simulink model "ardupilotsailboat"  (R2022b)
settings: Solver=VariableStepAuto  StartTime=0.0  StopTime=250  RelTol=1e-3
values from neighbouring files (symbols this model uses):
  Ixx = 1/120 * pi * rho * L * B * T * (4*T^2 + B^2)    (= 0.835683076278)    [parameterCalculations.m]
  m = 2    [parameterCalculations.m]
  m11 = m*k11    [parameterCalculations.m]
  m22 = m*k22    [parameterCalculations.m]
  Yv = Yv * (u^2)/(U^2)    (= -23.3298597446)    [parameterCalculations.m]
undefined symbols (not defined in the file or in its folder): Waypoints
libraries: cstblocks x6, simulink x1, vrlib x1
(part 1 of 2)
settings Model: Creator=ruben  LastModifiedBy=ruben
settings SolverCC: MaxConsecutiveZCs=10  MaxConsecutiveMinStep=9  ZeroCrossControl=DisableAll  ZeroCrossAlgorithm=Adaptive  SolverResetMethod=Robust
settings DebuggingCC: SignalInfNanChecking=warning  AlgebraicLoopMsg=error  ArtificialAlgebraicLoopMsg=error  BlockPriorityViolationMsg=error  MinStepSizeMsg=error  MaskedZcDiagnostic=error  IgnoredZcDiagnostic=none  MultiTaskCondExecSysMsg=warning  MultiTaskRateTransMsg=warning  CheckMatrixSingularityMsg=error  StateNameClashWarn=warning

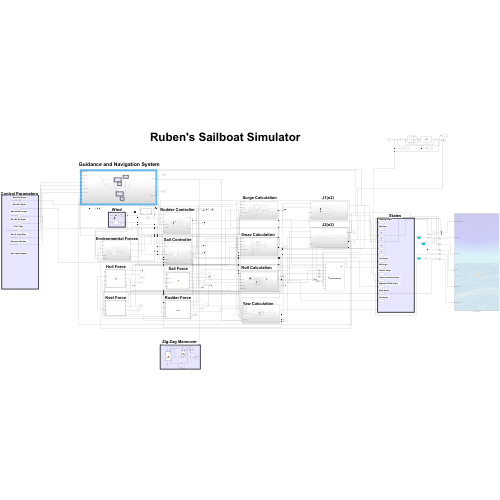
[thumbnail: Simulink's stored preview of the top-level diagram]
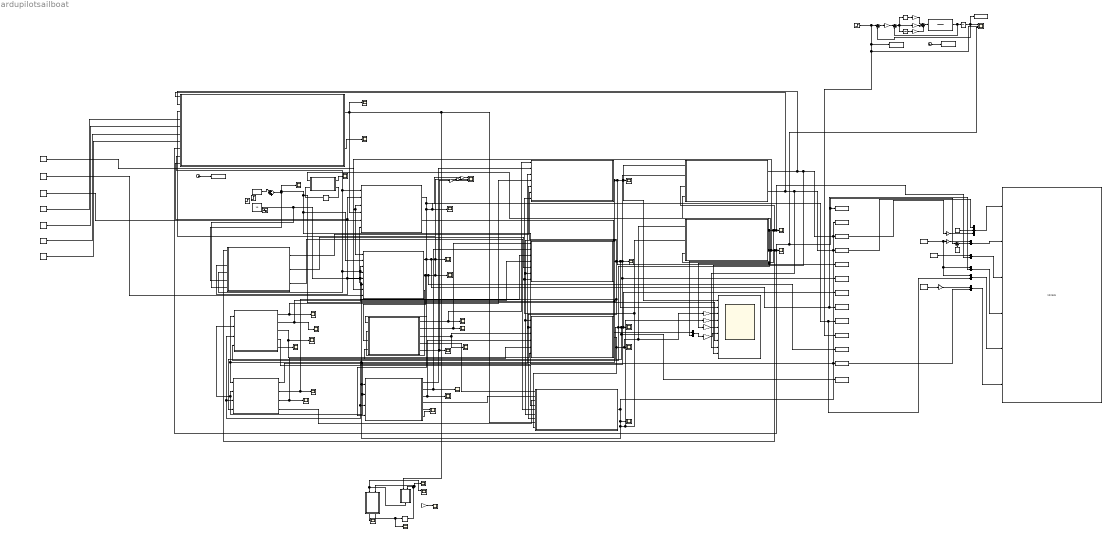
== system ardupilotsailboat ==
  note: Sail Force
  note: Ruben's Sailboat Simulator
  note: States
  note: x
  note: y
  note: Yaw Rate
  note: Heading Angle
  note: u
  note: v
  note: Roll Angle
  note: Sail Angle
  note: Rudder Angle
  note: Desired Heading Angle
  note: Apparent Wind Angle
  note: Wind Angle
  note: Roll Angle
  note: Guidance and Navigation System
  note: Environmental Forces
  note: Surge Calculation
  note: Sway Calculation
  note: Roll Calculation
  note: Yaw Calculation
  note: Wind
  note: Rudder Force
  note: Keel Force
  note: Hull Force
  note: Sail Controller
  note: Rudder Controller
  note: Zig-Zag Maneuver
  note: Control Parameters
  note: Max Sail Angle
  note: Min Sail Angle
  note: Sail No Go Angle
  note: Sail X-Track Max
  note: Sail Loiter Raduis
  note: Waypoint Radius
  note: Tack Type
  note: Max Rudder Angle
  note: J1(n2)
  note: J2(n2)
  Bus Creator : BusCreator  Inputs=2
  Clock : Clock
  Clock2 : Clock
  Cross-Track Distance(m) : Constant  Value=7.5
  Delay1 : Delay  DelayLength=1  SampleTime=0.01
  Delay2 : Delay  DelayLength=1  SampleTime=0.01
  Derivative : Derivative
  Gain : Gain  Gain=0.0225
  Gain{1..8} (8 alike) : Gain  Gain=180/pi
  Gain10 : Gain
  Gain11 : Gain  Gain=0.99
  Gain9 : Gain  Gain=2.66
  Integrator : Integrator
  Integrator1 : Integrator
  MATLAB Function1 : MATLAB Function  TreatAsAtomicUnit=on
  MATLAB Function3 : MATLAB Function  TreatAsAtomicUnit=on
  MATLAB Function4 : MATLAB Function  TreatAsAtomicUnit=on
  MATLAB Function5 : MATLAB Function  TreatAsAtomicUnit=on
  MATLAB Function6 : MATLAB Function  TreatAsAtomicUnit=on
  MATLAB Function7 : MATLAB Function  TreatAsAtomicUnit=on
  MATLAB Function8 : MATLAB Function  TreatAsAtomicUnit=on
  Mux1 : Mux  Inputs=3
  Mux{2,4..7} (5 alike) : Mux  Inputs=2
  Radius of Acceptance(m) : Constant  Value=5
  Roll Axis of Rotation : Constant  Value=[ -1 0 0 ]
  Scope{,1..14,16..17,33,35,37..38,40,42} (23 alike) : Scope
  Scope15 : Scope  NumInputPorts=3
  Scope18 : Scope  NumInputPorts=3
  Scope36 : Scope  NumInputPorts=9
  Scope41 : Scope  NumInputPorts=2
  Sine Wave : Sin  Amplitude=0.1  Frequency=0.1  SampleTime=0
  Step : Step  Time=19  After=0.25  SampleTime=0
  Step1 : Step  Time=40  After=0.5  SampleTime=0
  Step2 : Step  After=0.1  SampleTime=0
  Subsystem1 : Subsystem
  Subsystem10 : Subsystem
  Subsystem2 : Subsystem
  Subsystem3 : Subsystem
  Subsystem4 : Subsystem
  Subsystem5 : Subsystem
  Subsystem6 : Subsystem
  Subsystem7 : Subsystem
  Subsystem8 : Subsystem
  Subsystem9 : Subsystem
  Sum : Sum  Inputs=|++-+
  Sum1 : Sum  Inputs=|+-  SaturateOnIntegerOverflow=on
  Sum2 : Sum  Inputs=|+-
  Sum3 : Sum  Inputs=|+++
  Sum4 : Sum  Inputs=|+-
  "Tack Type (1:Direct, 2:Indirect 3:Zone)" : Constant
  To Workspace : ToWorkspace  VariableName=yawrate  SaveFormat=Timeseries  SampleTime=-1
  To Workspace1 : ToWorkspace  VariableName=yaw  SaveFormat=Timeseries  SampleTime=-1
  To Workspace10 : ToWorkspace  VariableName=psid  SaveFormat=Timeseries  SampleTime=-1
  To Workspace11 : ToWorkspace  VariableName=awa  SaveFormat=Timeseries  SampleTime=-1
  To Workspace12 : ToWorkspace  VariableName=wind  SaveFormat=Timeseries  SampleTime=-1
  To Workspace13 : ToWorkspace  VariableName=roll  SaveFormat=Timeseries  SampleTime=-1
  To Workspace14 : ToWorkspace  VariableName=time1  SaveFormat=Timeseries  SampleTime=-1
  To Workspace15 : ToWorkspace  VariableName=time  SaveFormat=Timeseries  SampleTime=-1
  To Workspace16 : ToWorkspace  VariableName=step  SaveFormat=Timeseries  SampleTime=-1
  To Workspace2 : ToWorkspace  VariableName=simout  SaveFormat=Timeseries  SampleTime=-1
  To Workspace3 : ToWorkspace  VariableName=x  SaveFormat=Timeseries  SampleTime=-1
  To Workspace4 : ToWorkspace  VariableName=y  SaveFormat=Timeseries  SampleTime=-1
  To Workspace5 : ToWorkspace  VariableName=u  SaveFormat=Timeseries  SampleTime=-1
  To Workspace6 : ToWorkspace  VariableName=v  SaveFormat=Timeseries  SampleTime=-1
  To Workspace7 : ToWorkspace  VariableName=phi  SaveFormat=Timeseries  SampleTime=-1
  To Workspace8 : ToWorkspace  VariableName=delta_s  SaveFormat=Timeseries  SampleTime=-1
  To Workspace9 : ToWorkspace  VariableName=delta_r  SaveFormat=Timeseries  SampleTime=-1
  Transfer Fcn : TransferFcn  Numerator=[2.5]  Denominator=[0.4 1 ]
  VR Sailing Yacht Animation : vrlib/VR Sink  InstantiateOnLoad=on  SampleTime=0.05  ViewEnable=on  RemoteChange=off  RemoteView=off  FieldsWritten=Hull_EarthFixed.translation.3.1.1.double#Rot_Yaw.rotation.4.1.1.double#Rot_Roll.rotation.4.1.1.double#Sail.rotation.4.1.1.double#Rudder.rotation.4.1.1.double#Wind_Arrow.rotation.4.1.1.double  WorldFileName=SailingYachtAnimation.wrl  WorldDescription=Sailing Yacht VR animation  AutoView=on  VideoDimensions=[]  AllowVariableSize=off  FigureProperties="{'Position', 'Name', 'Viewpoint', 'CameraBound', 'CameraDirection', 'CameraPosition', 'CameraUpVector', 'ZoomFactor', 'Antialiasing', 'Headlight', 'Lighting', 'NavPanel', 'Sound', 'StatusBar', 'Stereo3D', 'Stereo3DCameraOffset', 'Stereo3DHIT', 'ToolBar', 'Textures', 'Transparency', 'Triad', 'Wireframe', 'NavZones', 'NavMode', 'NavSpeed', 'CaptureFileFormat', 'CaptureFileName', 'Record2DCompressMethod', 'Record2DCompressQuality', 'Record2D', 'Record2DFileName', 'Record2DFPS'; [9.6200000000000000e+02   8.4000000000000000e+01   9.5800000000000000e+02   3.8020000000000005e+02], 'Sailing Yacht VR animation', 'North', 'on', [0.0000000000000000e+00   0.0000000000000000e+00  -1.0000000000000000e+00], [0.0000000000000000e+00   0.0000000000000000e+00   2.5000000000000000e+01], [0.0000000000000000e+00   1.0000000000000000e+00   0.0000000000000000e+00], [1.0000000000000000e+00], 'off', 'on', 'on', 'halfbar', 'on', 'on', 'off', [1.0000000149011612e-01], [0.0000000000000000e+00], 'on', 'on', 'on', 'none', 'off', 'off', 'fly', 'veryfast', 'tif', '%f_anim_%n.tif', 'auto', [7.5000000000000000e+01], 'off', '%f_anim_%n.avi', 'auto'}"
  Yaw Axis of Rotation : Constant  Value=[ 0 1 0 ]
  Yaw Axis of Rotation1 : Constant  Value=[ 0 1 0 ]
  apparent wind : Scope
  max rudder angle(Rad) : Constant  Value=pi/6
  max sail angle(Rad) : Constant  Value=pi/3
  min sail angle(Rad) : Constant  Value=-pi/3
  rudder and psi1 : Scope  NumInputPorts=2
  rudder angle5 : Scope
  rudder angle6 : Scope
  rudder angle7 : Scope  NumInputPorts=3
  rudder angle8 : Scope
  rudder_angle1 : Scope
  sail angle : Scope
  sail no go angle(Degrees) : Constant  Value=45
  wind direction : Constant  Value=pi/2
  wind velocity : Constant  Value=10
  z : Constant  Value=0
  z - y1 : Gain  Gain=-1
  z - y2 : Gain  Gain=-1
  z - y3 : Gain  Gain=-1
  z1 : Constant  Value=pi/2
  wires:
  Subsystem1/2(heading (degrees)) -> Scope33/1
  MATLAB Function3/2(Ys) -> Scope1/1, Subsystem4/1(sail force (Ys))
  MATLAB Function3/3(Ks) -> Scope14/1, Subsystem5/3(sail force (Ks))
  MATLAB Function3/4(Ns) -> Subsystem6/1(sail force (Ns))
  MATLAB Function4/1(Xr) -> Subsystem2/2(rudder force (Xr))
  MATLAB Function4/2(Yr) -> Scope2/1, Subsystem4/2(rudder force (Yr))
  MATLAB Function4/3(Kr) -> Scope13/1, Subsystem5/4(hull force(Kh))
  MATLAB Function4/4(Nr) -> Subsystem6/2(rudder force (Nr))
  MATLAB Function5/1(Xk) -> Subsystem2/3(keel force (Xk))
  MATLAB Function5/2(Yk) -> Scope3/1, Subsystem4/3(keel force (Yk))
  MATLAB Function5/3(Kk) -> Scope12/1, Subsystem5/5(keel force (Kk))
  MATLAB Function5/4(Nk) -> Subsystem6/3(keel force (Nk))
  MATLAB Function6/1(Xh) -> Scope5/1, Subsystem2/4(hull force (Xh))
  MATLAB Function6/3(Kh) -> Scope11/1, Subsystem5/6(rudder force (Kr))
  MATLAB Function6/4(Nh) -> Subsystem6/4(hull force (Nh))
  Subsystem4/1(v) -> Scope36/2, Scope8/1, Subsystem9/2(v), To Workspace6/1, MATLAB Function6/3(v), MATLAB Function5/3(v), MATLAB Function4/3(v), Subsystem2/6(v), Subsystem6/7(v), Subsystem5/2(v), Subsystem8/2(v), Subsystem1/10(v), Subsystem3/3(v), Subsystem7/4(v)
  Subsystem3/1(Xe) -> Subsystem2/5(environmental force (Xe))
  Subsystem3/2(Ye) -> Subsystem4/5(environmental force (Ye))
  Subsystem3/3(Ne) -> Subsystem6/5(environmental force (Ne))
  Subsystem2/1(u) -> MATLAB Function5/2(u), MATLAB Function6/2(u), MATLAB Function4/2(u), Subsystem1/9(u), Subsystem8/1(u), Subsystem3/4(u), Subsystem7/3(u), Subsystem6/6(u), Subsystem5/1(u), Subsystem4/6(u), To Workspace5/1, Scope36/1, Subsystem9/1(u), Scope35/1
  Subsystem6/1(r) -> Subsystem8/6(r), Subsystem7/6(r), MATLAB Function5/1(r), MATLAB Function6/1(r), MATLAB Function4/1(r), Gain4/1, Subsystem10/2(r), Subsystem2/7(r), Subsystem4/7(r), Scope40/1, To Workspace/1
  Subsystem5/1(p) -> Subsystem6/9(p), Subsystem10/1(p), Gain5/1, Scope38/1
  Subsystem10/1(Phi) -> Gain3/1, MATLAB Function5/4(phi), MATLAB Function6/4(phi), To Workspace13/1, MATLAB Function3/4(phi), To Workspace7/1, Scope37/1, Subsystem10/3(phi), Subsystem9/3(phi), Mux6/2, Scope9/1
  Clock2/1 -> To Workspace14/1
  MATLAB Function7/2(nextState) -> rudder angle5/1, Delay1/1
  Delay1/1 -> rudder angle8/1, MATLAB Function8/2(state), MATLAB Function7/2(currentState)
  MATLAB Function7/1(y) -> rudder angle6/1
  MATLAB Function8/1(y) -> MATLAB Function7/1(r), rudder angle7/1
  Gain2/1 -> rudder and psi1/1
  wind velocity/1 -> Subsystem3/6(wind Velocity), Subsystem7/5(wind velocity)
  Subsystem7/1(sail angle) -> MATLAB Function3/1(delta_s), Gain7/1, sail angle/1, Mux5/2, To Workspace8/1
  Subsystem7/2(alpha_aw) -> To Workspace11/1, Subsystem1/3(wind Direction), apparent wind/1, MATLAB Function3/3(apparent_wind_angle)
  Subsystem7/3(V_aw) -> MATLAB Function3/2(apparent_velocity)
  Subsystem8/1(rudder angle) -> Gain8/1, To Workspace9/1, Mux7/2, rudder_angle1/1, MATLAB Function4/4("delta_r ")
  MATLAB Function4/5(delta_r) -> Scope41/1
  MATLAB Function4/6(alpha_a) -> Scope41/2
  MATLAB Function6/2(Yh) -> Subsystem4/4(hull force (Yh)), Scope4/1
  max sail angle(Rad)/1 -> Subsystem7/7(max sail angle)
  min sail angle(Rad)/1 -> Subsystem7/8(min sail angle)
  max rudder angle(Rad)/1 -> Subsystem8/5(max rudder angle)
  sail no go angle(Degrees)/1 -> Subsystem1/4(no go Angle)
  "Tack Type (1:Direct, 2:Indirect 3:Zone)"/1 -> Subsystem1/5(tack Type)
  Cross-Track Distance(m)/1 -> Subsystem1/6(Cross-Track Distance)
  Radius of Acceptance(m)/1 -> Subsystem1/7(radius of acceptance)
  wind direction/1 -> Sum/1
  MATLAB Function6/5(Frh) -> Scope6/1
  MATLAB Function3/1(Xs) -> Subsystem2/1(sail force (Xs)), Scope7/1
  Subsystem9/2(y) -> Subsystem1/1(x position of Sailboat), Scope36/8, Mux1/1, To Workspace3/1
  Subsystem8/2(rudder angle1) -> Bus Creator/1
  Subsystem10/2(Psi) -> MATLAB Function1/1(psi), Bus Creator/2, Subsystem9/4(psi), Subsystem7/1(psi), Subsystem8/3(psi), Subsystem3/1(psi), Scope18/3, Sum1/1, To Workspace1/1, Subsystem1/8(psi), Scope10/1
  Bus Creator/1 -> Gain1/1
  z1/1 -> Sum1/2
  z - y1/1 -> Mux4/1
  Yaw Axis of Rotation/1 -> Mux5/1, Mux7/1, z - y1/1
  z/1 -> Mux1/2
  z - y3/1 -> Mux2/1
  Mux2/1 -> VR Sailing Yacht Animation/6
  Sum1/1 -> Mux4/2
  Yaw Axis of Rotation1/1 -> z - y3/1
  z - y2/1 -> Mux1/3
  Roll Axis of Rotation/1 -> Mux6/1
  Mux1/1 -> VR Sailing Yacht Animation/1
  Mux4/1 -> VR Sailing Yacht Animation/2
  Mux6/1 -> VR Sailing Yacht Animation/3
  Mux5/1 -> VR Sailing Yacht Animation/4
  Mux7/1 -> VR Sailing Yacht Animation/5
  Subsystem9/1(x) -> Subsystem1/2(y position of Sailboat), Scope36/9, z - y2/1, To Workspace4/1
  MATLAB Function3/5(awa) -> Gain6/1, Scope42/1
  Gain3/1 -> Scope36/5
  Gain1/1 -> Scope36/6
  Gain4/1 -> Scope36/4
  Gain5/1 -> Scope36/3
  Gain6/1 -> Scope15/3
  Gain7/1 -> Scope15/2
  Gain8/1 -> Scope15/1
  MATLAB Function1/2(nextState) -> Delay2/1
  Delay2/1 -> MATLAB Function1/2(currentState)
  MATLAB Function1/1(y) -> Scope16/1
  Sum/1 -> Scope17/1, Scope36/7, Mux2/2, To Workspace12/1, Subsystem7/2(wind direction), Subsystem3/5(wind Direction)
  Clock/1 -> To Workspace15/1
  Integrator/1 -> Gain10/1
  Derivative/1 -> Gain/1
  Gain9/1 -> Sum3/2
  Transfer Fcn/1 -> Sum2/2, Integrator1/1
  Sum2/1 -> Derivative/1, Gain9/1, Integrator/1
  Gain/1 -> Sum3/1
  Sum3/1 -> Transfer Fcn/1
  Gain10/1 -> Sum3/3
  Step2/1 -> Sum4/1, Scope18/2, To Workspace10/1, To Workspace16/1
  Integrator1/1 -> Sum4/2, Scope18/1, To Workspace2/1
  Sum4/1 -> Gain11/1
  Gain11/1 -> Sum2/1
  Subsystem1/1(heading (rad)) -> Scope/1, Subsystem8/4(desired heading), Subsystem6/8(desired heading), MATLAB Function8/1(psi)

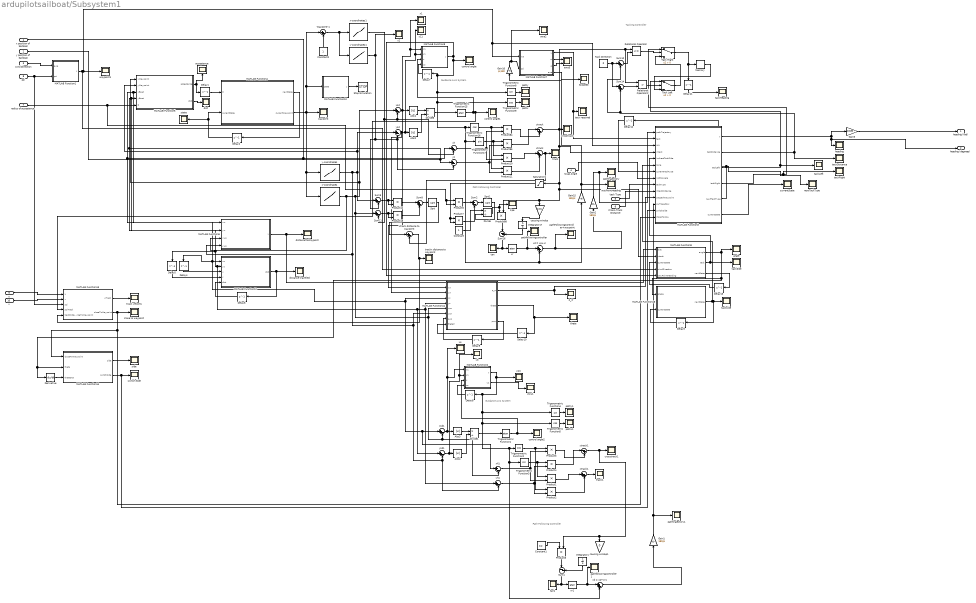
== system ardupilotsailboat/Subsystem1 ==
  note: Guidance Axis System
  note: Tacking Controller
  note: Path Following Controller
  note: Guidance Axis System
  note: Path Following Controller
  x position of Sailboat : Inport
  y position of Sailboat : Inport  Port=2
  wind Direction : Inport  Port=3
  no go Angle : Inport  Port=4
  tack Type : Inport  Port=5
  Cross-Track Distance : Inport  Port=6
  radius of acceptance : Inport  Port=7
  psi : Inport  Port=8
  u : Inport  Port=9
  v : Inport  Port=10
  Abs{1..4} (4 alike) : Abs  SaturateOnIntegerOverflow=off
  Constant : Constant
  Constant1 : Constant  Value=0.2
  Constant2 : Constant
  Delay{1..2,4..12} (11 alike) : Delay  DelayLength=1
  Delay13 : Delay  DelayLength=1  SampleTime=2
  Delay3 : Delay  DelayLength=1  SampleTime=2
  Derivative : Derivative
  Divide : Product  Inputs=*/
  Divide1 : Product  Inputs=*/
  Divide6 : Product  Inputs=*/
  Gain1 : Gain  Gain=180/pi
  Gain10 : Gain  Gain=pi/180
  Gain15 : Gain  Gain=180/pi
  Gain2 : Gain  Gain=180/pi
  Gain3 : Gain  Gain=pi/180
  Integrator1 : Integrator  LimitOutput=on  UpperSaturationLimit=10  LowerSaturationLimit=-10
  Integrator17 : Integrator  LimitOutput=on  UpperSaturationLimit=pi/10  LowerSaturationLimit=-pi/10
  Kpe : Scope
  MATLAB Function1 : MATLAB Function  TreatAsAtomicUnit=on
  MATLAB Function10 : MATLAB Function  TreatAsAtomicUnit=on
  MATLAB Function11 : MATLAB Function  TreatAsAtomicUnit=on
  MATLAB Function12 : MATLAB Function  TreatAsAtomicUnit=on
  MATLAB Function13 : MATLAB Function  TreatAsAtomicUnit=on
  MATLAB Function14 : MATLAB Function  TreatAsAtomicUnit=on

WHAT THE TASK REQUIRES:
In the entries above, please find the line with "MATLAB Function5 : MATLAB" and the line with "To Workspace11 : ToWorkspace", then write out exactly those two lines and every line between them, and nothing more.

SOLUTION FOR THIS TASK:
  MATLAB Function5 : MATLAB Function  TreatAsAtomicUnit=on
  MATLAB Function6 : MATLAB Function  TreatAsAtomicUnit=on
  MATLAB Function7 : MATLAB Function  TreatAsAtomicUnit=on
  MATLAB Function8 : MATLAB Function  TreatAsAtomicUnit=on
  Mux1 : Mux  Inputs=3
  Mux{2,4..7} (5 alike) : Mux  Inputs=2
  Radius of Acceptance(m) : Constant  Value=5
  Roll Axis of Rotation : Constant  Value=[ -1 0 0 ]
  Scope{,1..14,16..17,33,35,37..38,40,42} (23 alike) : Scope
  Scope15 : Scope  NumInputPorts=3
  Scope18 : Scope  NumInputPorts=3
  Scope36 : Scope  NumInputPorts=9
  Scope41 : Scope  NumInputPorts=2
  Sine Wave : Sin  Amplitude=0.1  Frequency=0.1  SampleTime=0
  Step : Step  Time=19  After=0.25  SampleTime=0
  Step1 : Step  Time=40  After=0.5  SampleTime=0
  Step2 : Step  After=0.1  SampleTime=0
  Subsystem1 : Subsystem
  Subsystem10 : Subsystem
  Subsystem2 : Subsystem
  Subsystem3 : Subsystem
  Subsystem4 : Subsystem
  Subsystem5 : Subsystem
  Subsystem6 : Subsystem
  Subsystem7 : Subsystem
  Subsystem8 : Subsystem
  Subsystem9 : Subsystem
  Sum : Sum  Inputs=|++-+
  Sum1 : Sum  Inputs=|+-  SaturateOnIntegerOverflow=on
  Sum2 : Sum  Inputs=|+-
  Sum3 : Sum  Inputs=|+++
  Sum4 : Sum  Inputs=|+-
  "Tack Type (1:Direct, 2:Indirect 3:Zone)" : Constant
  To Workspace : ToWorkspace  VariableName=yawrate  SaveFormat=Timeseries  SampleTime=-1
  To Workspace1 : ToWorkspace  VariableName=yaw  SaveFormat=Timeseries  SampleTime=-1
  To Workspace10 : ToWorkspace  VariableName=psid  SaveFormat=Timeseries  SampleTime=-1
  To Workspace11 : ToWorkspace  VariableName=awa  SaveFormat=Timeseries  SampleTime=-1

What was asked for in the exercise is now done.